- Try it -
Output every line of the material exactly, omitting images.

--------

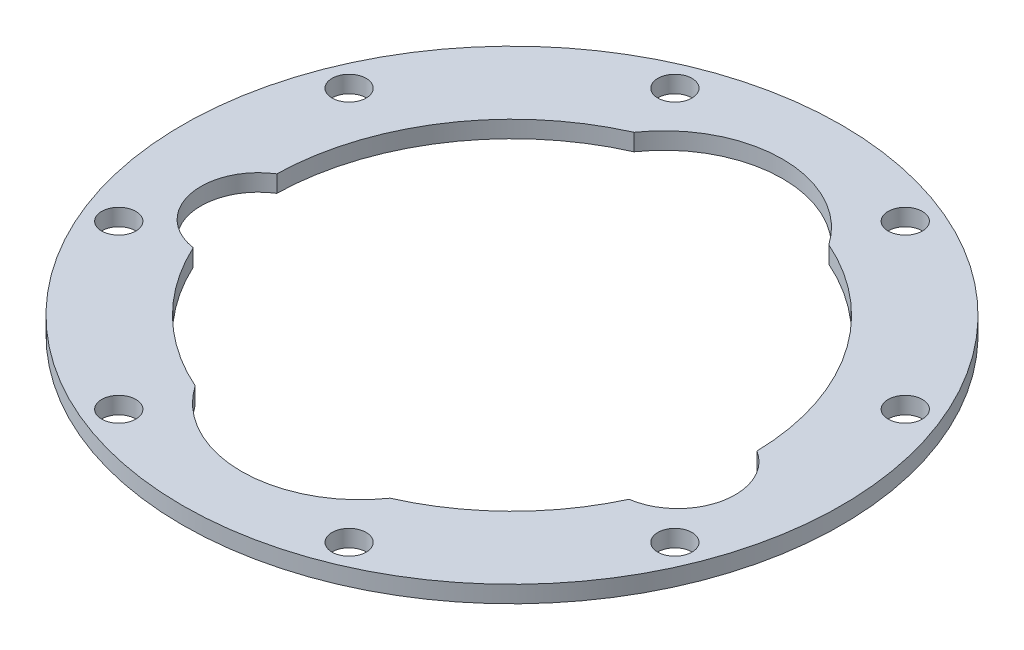
SolidWorks part; units mm, degrees
ref_plane "Front Plane" through (0, 0, 0) normal (0, 0, 1) x (1, 0, 0)
ref_plane "Top Plane" through (0, 0, 0) normal (0, 1, 0) x (1, 0, 0)
ref_plane "Right Plane" through (0, 0, 0) normal (1, 0, 0) x (0, 0, -1)
sketch "Sketch2" plane through (0, 0, 0) normal (0, 1, 0) x (1, 0, 0)
  line L0 (0, 0) -> (0, 48.6568) construction
  line L1 (-34.0588, 82.2253) -> (0, 0) construction
  line L2 (-62, -35.5) -> (-62, 9.5) construction
  line L3 (72.5, -35.5) -> (72.5, 9.5) construction
  line L4 (-62, 9.5) -> (72.5, 9.5) construction
  line L5 (-62, -35.5) -> (72.5, -35.5) construction
  line L6 (0, 0) -> (-34.0588, 0) construction
  circle A0 centre (0, 0) radius 97.45
  arc A4 (-70.9856, 1.4312) -> (-64.4318, -29.8252) centre (-62, -13) ccw
  circle A5 centre (-34.0588, 82.2253) radius 5.05
  circle A6 centre (34.0588, 82.2253) radius 5.05
  circle A7 centre (82.2253, 34.0588) radius 5.05
  circle A8 centre (82.2253, -34.0588) radius 5.05
  circle A9 centre (34.0588, -82.2253) radius 5.05
  circle A10 centre (-34.0588, -82.2253) radius 5.05
  circle A11 centre (-82.2253, -34.0588) radius 5.05
  circle A12 centre (-82.2253, 34.0588) radius 5.05
  circle A13 centre (0, 0) radius 71
  circle A15 centre (0, -45) radius 35
  circle A16 centre (0, 0) radius 77.5 construction
  arc A17 (70.9856, 1.4312) -> (64.4318, -29.8252) centre (62, -13) cw
  circle A18 centre (0, 45) radius 35
  point P31 (-62, -13)
  point P32 (72.5, -13)
  point P41 (0, 0)
  dimension "D2" = 89
  dimension "D3" = 194.9
  dimension "D4" = 10.1
  dimension "D10" = 89
  dimension "D13" = 142
  dimension "D14" = 70
  dimension "D16" = 155
  dimension "D17" = 17
  dimension "D5" = 22.5
  dimension "D6" = 22.5
  dimension "D7" = 62
  dimension "D9" = 89
  dimension "D11" = 45
  dimension "D12" = 45
  dimension "D15" = 45
  dimension "D18" = 9.5
  dimension "D8" = 8
extrude "Boss-Extrude1" add sketch "Sketch2" along normal blind 5 contours A0 A12 A11 A10 A9 A8 A7 A6 A5 A13 A18 A17 A15 A4

--------

- Expected answer -
SolidWorks part; units mm, degrees
ref_plane "Front Plane" through (0, 0, 0) normal (0, 0, 1) x (1, 0, 0)
ref_plane "Top Plane" through (0, 0, 0) normal (0, 1, 0) x (1, 0, 0)
ref_plane "Right Plane" through (0, 0, 0) normal (1, 0, 0) x (0, 0, -1)
sketch "Sketch2" plane through (0, 0, 0) normal (0, 1, 0) x (1, 0, 0)
  line L0 (0, 0) -> (0, 48.6568) construction
  line L1 (-34.0588, 82.2253) -> (0, 0) construction
  line L2 (-62, -35.5) -> (-62, 9.5) construction
  line L3 (72.5, -35.5) -> (72.5, 9.5) construction
  line L4 (-62, 9.5) -> (72.5, 9.5) construction
  line L5 (-62, -35.5) -> (72.5, -35.5) construction
  line L6 (0, 0) -> (-34.0588, 0) construction
  circle A0 centre (0, 0) radius 97.45
  arc A4 (-70.9856, 1.4312) -> (-64.4318, -29.8252) centre (-62, -13) ccw
  circle A5 centre (-34.0588, 82.2253) radius 5.05
  circle A6 centre (34.0588, 82.2253) radius 5.05
  circle A7 centre (82.2253, 34.0588) radius 5.05
  circle A8 centre (82.2253, -34.0588) radius 5.05
  circle A9 centre (34.0588, -82.2253) radius 5.05
  circle A10 centre (-34.0588, -82.2253) radius 5.05
  circle A11 centre (-82.2253, -34.0588) radius 5.05
  circle A12 centre (-82.2253, 34.0588) radius 5.05
  circle A13 centre (0, 0) radius 71
  circle A15 centre (0, -45) radius 35
  circle A16 centre (0, 0) radius 77.5 construction
  arc A17 (70.9856, 1.4312) -> (64.4318, -29.8252) centre (62, -13) cw
  circle A18 centre (0, 45) radius 35
  point P31 (-62, -13)
  point P32 (72.5, -13)
  point P41 (0, 0)
  dimension "D2" = 89
  dimension "D3" = 194.9
  dimension "D4" = 10.1
  dimension "D10" = 89
  dimension "D13" = 142
  dimension "D14" = 70
  dimension "D16" = 155
  dimension "D17" = 17
  dimension "D5" = 22.5
  dimension "D6" = 22.5
  dimension "D7" = 62
  dimension "D9" = 89
  dimension "D11" = 45
  dimension "D12" = 45
  dimension "D15" = 45
  dimension "D18" = 9.5
  dimension "D8" = 8
extrude "Boss-Extrude1" add sketch "Sketch2" along normal blind 5 contours A0 A12 A11 A10 A9 A8 A7 A6 A5 A13 A18 A17 A15 A4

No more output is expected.